The Baptist church in New Malden, Surrey, had been bombed in 1940. Worship continued in local halls, but after Leslie’s death the congregation attended elsewhere. Granny, however, remained in the manse alone, continuing the local community work throughout the war.

My Granny SOAL was fun. She could find at least one laugh a day and had bright brown eyes and a wide grin. Oddly, my mother forbade levity in Granny’s presence, because she and Granddad had been close chums with God who didn’t like that sort of thing … or so Mummy said: Granny told people it was one of “Win’s funny ideas” and hilarity only broke out when my mother was absent.

I looked forward to Granny’s visit as I was pondering another mystery. I knew that inside my body was a “me” made up of bits that “took after” other people, and a soul, a piece of God’s own soul that He gave to each of us. Obviously God’s soul was pretty big … but where was it? Probably in the sky, along with heaven … (Thinks!)

A sole … Ah! That was it! … a huge footprint, out beyond the stars. I peered through the nursery curtains at night but couldn’t make it out. I’d have to ask Granny. She was a special sort of Soal … she must know.

As my mother did her Christmas baking, I sat at the table playing with the pastry scraps. I broke off little “souls” and rolled them into balls, lined them up and then squeezed them back into one. The pastry was pretty grubby by the time Mummy gave me more scraps. I squashed the whole lot together and started breaking off bits again: but what was this? … The new “souls” were marbled grey and white. A new mystery. I could hardly wait to see Granny.
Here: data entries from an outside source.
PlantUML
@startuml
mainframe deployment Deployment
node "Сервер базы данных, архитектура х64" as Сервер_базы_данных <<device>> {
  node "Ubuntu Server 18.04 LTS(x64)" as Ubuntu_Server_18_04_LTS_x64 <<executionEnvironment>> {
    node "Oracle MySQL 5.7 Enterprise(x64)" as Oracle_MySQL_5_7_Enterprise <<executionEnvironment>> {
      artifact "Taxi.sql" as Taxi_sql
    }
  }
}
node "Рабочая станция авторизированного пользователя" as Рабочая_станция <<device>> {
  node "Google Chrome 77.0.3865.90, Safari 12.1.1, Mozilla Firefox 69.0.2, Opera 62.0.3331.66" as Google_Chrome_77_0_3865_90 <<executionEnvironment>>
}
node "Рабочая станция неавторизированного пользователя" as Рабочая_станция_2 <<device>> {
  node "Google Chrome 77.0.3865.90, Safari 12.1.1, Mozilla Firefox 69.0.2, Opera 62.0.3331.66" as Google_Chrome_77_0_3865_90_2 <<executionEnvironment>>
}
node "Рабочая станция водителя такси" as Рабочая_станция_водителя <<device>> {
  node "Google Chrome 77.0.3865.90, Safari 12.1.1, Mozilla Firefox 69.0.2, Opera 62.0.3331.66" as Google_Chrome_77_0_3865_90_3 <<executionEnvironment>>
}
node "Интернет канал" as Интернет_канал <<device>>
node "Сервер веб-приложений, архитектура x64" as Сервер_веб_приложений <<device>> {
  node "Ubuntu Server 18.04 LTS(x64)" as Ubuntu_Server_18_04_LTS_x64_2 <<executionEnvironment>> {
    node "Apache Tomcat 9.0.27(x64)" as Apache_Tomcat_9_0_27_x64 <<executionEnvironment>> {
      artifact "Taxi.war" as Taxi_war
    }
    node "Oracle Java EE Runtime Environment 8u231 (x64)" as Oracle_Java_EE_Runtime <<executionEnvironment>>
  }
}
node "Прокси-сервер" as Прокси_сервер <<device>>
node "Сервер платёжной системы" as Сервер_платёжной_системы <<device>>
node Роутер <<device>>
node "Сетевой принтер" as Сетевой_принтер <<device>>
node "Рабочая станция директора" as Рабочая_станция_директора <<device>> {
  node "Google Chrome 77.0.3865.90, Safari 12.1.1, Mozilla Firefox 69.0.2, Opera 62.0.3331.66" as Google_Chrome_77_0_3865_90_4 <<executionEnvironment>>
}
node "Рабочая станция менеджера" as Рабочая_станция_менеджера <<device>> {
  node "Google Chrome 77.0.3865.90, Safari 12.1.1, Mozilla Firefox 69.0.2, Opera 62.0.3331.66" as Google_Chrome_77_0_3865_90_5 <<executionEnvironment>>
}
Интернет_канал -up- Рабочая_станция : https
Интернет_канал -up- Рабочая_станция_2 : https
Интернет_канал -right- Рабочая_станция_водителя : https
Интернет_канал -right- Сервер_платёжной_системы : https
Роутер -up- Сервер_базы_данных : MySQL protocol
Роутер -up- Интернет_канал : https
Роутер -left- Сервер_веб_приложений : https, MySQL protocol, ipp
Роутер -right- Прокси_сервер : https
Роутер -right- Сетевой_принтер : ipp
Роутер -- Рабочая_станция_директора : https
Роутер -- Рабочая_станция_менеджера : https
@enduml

On Christmas morning there was a green velvet dress with smocking and red rosebuds, a book “Little Grey Rabbit” and a picture book of all the foot and arm positions for ballet. The packages from my father’s family, Mummy declared “unsuitable” and despite Granny’s protests I was not allowed to see them. Granny said I should have fun as well as learning. Daddy said he was going for a walk.

For lunch there were sprouts with little crosses cut in the stalks. I loved cutting them carefully into four now that I could use a knife and fork. I found a silver pig and a threepenny piece in my pudding. There was holly everywhere and Granny told me about Jesus in the stable. I asked if there had been a war on then and Daddy said “Sort-of”. Mummy told him not to use slang.

Then we listened to the King.

Before I knew it we were eating again … tiny sandwiches, fruit and jelly, little tarts and cakes. There were second helpings and nobody mentioned rationing. I sat up to the table on several cushions feeling very grown up. The tea-plates were square, cream with silver tracery and flowers in one corner. There were cake-forks with one wide prong, and a tiny knife in the butter dish. In the centre a three-tier cake-stand, palest green with a pink lustre, overflowed with home baking. It was more beautiful than any present. All around the walls glowed with fresh peach distemper and a design in terra cotta stencilled by my mother. Everyone was happy. It was time to ask my question.

“Granny” I said, visualising the great footprint in the sky and God chipping bits off the edges “God puts a bit of his soul into new babies doesn’t he?”

Granny beamed. “Yes dear”

“ … and when people die it goes back to him doesn’t it?”

“That’s right.” The grown-ups were looking pleased.

“ … so when God breaks off a piece for a new baby he must sometimes use bits he’s used before …”

Granny’s beringed and freckled hands froze over her plate. My father said “The transmigration of souls” and Mummy said “Eric!” very sharply. I filed the word away for later. People always liked you to say long words. Somebody suggested I might like to go and wash my hands.

Had I said something wrong? I mustn’t cry. It would spoil Christmas. I went upstairs very quietly and sat on my bed. Daddy came up. “Have I been naughty?”

“No” he said. He was laughing. “… but you mustn’t frighten Granny like that”

“Why is she frightened? Mustn’t I ask her about God any more?”

“You have very grown-up thoughts sometimes, Elizabeth, and it can make people uncomfortable. Let Granny tell you the stories, but you’d better ask me the questions.”

Downstairs, Granny was smiling again and later she tucked me in. I laid my face on her cool silky lap, which rustled and smelled of violets, and she read to me about Little Grey Rabbit and Squirrel and Hare keeping house somewhere in the country. When the King didn’t need Daddy in the RAF any more, he’d come home and tell me everything I wanted. I could wait.